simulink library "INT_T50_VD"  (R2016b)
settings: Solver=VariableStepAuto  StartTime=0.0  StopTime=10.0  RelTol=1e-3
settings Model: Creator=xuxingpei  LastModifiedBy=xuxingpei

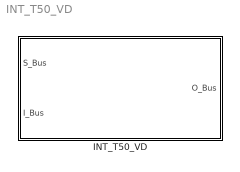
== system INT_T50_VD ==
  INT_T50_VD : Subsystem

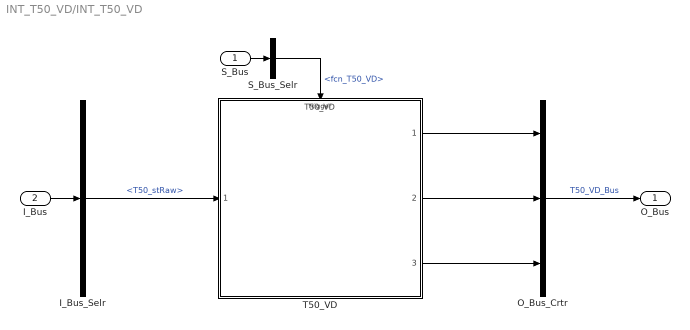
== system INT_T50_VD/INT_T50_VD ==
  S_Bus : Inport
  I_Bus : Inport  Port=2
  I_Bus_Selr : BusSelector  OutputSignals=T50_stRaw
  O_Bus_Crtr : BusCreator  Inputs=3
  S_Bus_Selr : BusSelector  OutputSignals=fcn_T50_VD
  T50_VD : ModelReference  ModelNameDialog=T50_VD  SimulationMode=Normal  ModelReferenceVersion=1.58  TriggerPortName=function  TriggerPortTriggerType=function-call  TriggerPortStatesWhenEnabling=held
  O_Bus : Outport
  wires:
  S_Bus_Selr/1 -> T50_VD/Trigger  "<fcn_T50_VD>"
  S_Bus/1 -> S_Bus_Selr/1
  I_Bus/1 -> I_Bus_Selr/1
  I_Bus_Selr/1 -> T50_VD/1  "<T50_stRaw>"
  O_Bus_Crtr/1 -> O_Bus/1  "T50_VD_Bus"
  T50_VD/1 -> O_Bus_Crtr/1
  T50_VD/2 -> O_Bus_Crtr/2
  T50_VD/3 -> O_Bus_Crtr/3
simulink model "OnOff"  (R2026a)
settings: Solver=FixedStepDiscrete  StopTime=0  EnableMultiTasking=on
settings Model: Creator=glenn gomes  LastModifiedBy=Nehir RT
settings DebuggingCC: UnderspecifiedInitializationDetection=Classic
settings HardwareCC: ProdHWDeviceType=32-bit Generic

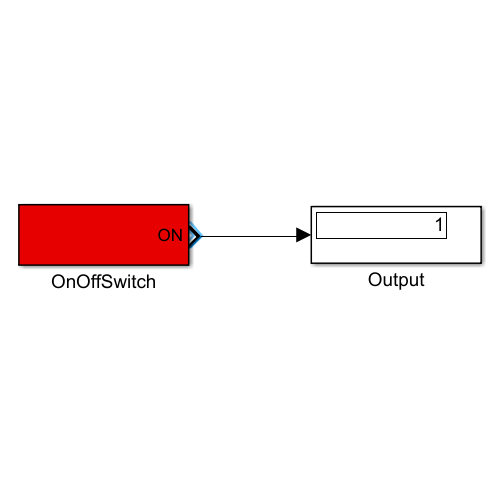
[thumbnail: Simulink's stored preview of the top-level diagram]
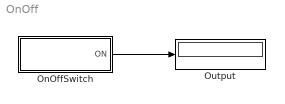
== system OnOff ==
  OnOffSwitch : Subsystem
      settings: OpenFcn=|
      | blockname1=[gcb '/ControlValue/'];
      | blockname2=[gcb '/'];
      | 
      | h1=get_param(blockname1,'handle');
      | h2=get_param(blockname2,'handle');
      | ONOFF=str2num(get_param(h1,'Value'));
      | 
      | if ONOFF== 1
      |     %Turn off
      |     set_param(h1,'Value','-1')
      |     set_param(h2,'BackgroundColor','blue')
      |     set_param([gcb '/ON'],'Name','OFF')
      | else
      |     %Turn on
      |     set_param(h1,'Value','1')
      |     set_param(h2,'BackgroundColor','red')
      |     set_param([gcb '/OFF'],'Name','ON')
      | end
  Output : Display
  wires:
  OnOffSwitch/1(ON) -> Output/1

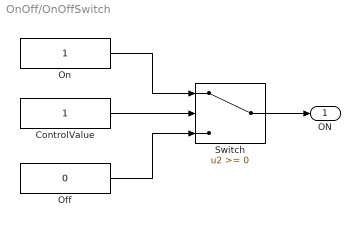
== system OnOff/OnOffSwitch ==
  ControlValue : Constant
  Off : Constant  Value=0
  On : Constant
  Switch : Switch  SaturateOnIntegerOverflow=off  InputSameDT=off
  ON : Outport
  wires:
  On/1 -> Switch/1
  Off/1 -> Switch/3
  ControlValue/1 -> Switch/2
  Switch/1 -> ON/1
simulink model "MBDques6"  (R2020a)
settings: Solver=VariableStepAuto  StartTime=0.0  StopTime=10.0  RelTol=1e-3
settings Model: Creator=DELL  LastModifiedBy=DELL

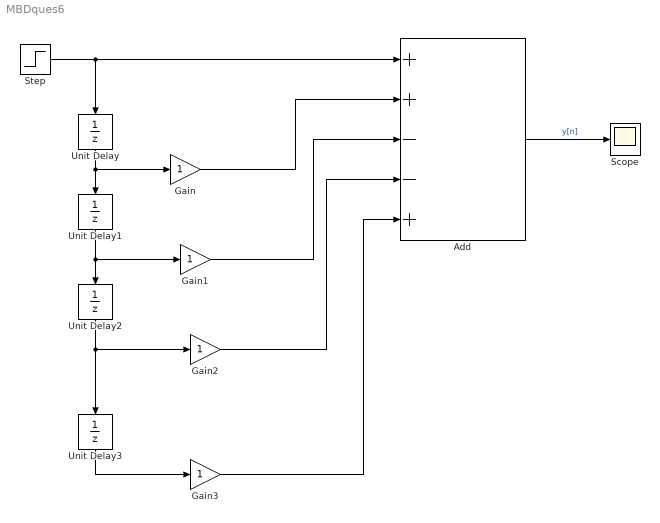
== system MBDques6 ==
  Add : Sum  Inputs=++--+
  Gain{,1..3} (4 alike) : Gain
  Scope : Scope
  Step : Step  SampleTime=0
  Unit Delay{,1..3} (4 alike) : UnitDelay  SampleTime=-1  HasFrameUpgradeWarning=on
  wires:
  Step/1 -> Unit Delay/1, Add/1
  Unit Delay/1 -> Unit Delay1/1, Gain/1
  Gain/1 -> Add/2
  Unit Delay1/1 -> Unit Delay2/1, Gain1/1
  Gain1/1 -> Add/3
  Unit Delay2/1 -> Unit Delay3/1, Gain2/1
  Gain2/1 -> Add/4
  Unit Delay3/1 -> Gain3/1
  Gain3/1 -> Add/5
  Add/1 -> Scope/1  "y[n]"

INSTRUCTIONS FOR THE TASK: Look through the entries for the string "alike". Every line that has it belongs in the answer.

EXERCISE RESPONSE:
  Gain{,1..3} (4 alike) : Gain
  Unit Delay{,1..3} (4 alike) : UnitDelay  SampleTime=-1  HasFrameUpgradeWarning=on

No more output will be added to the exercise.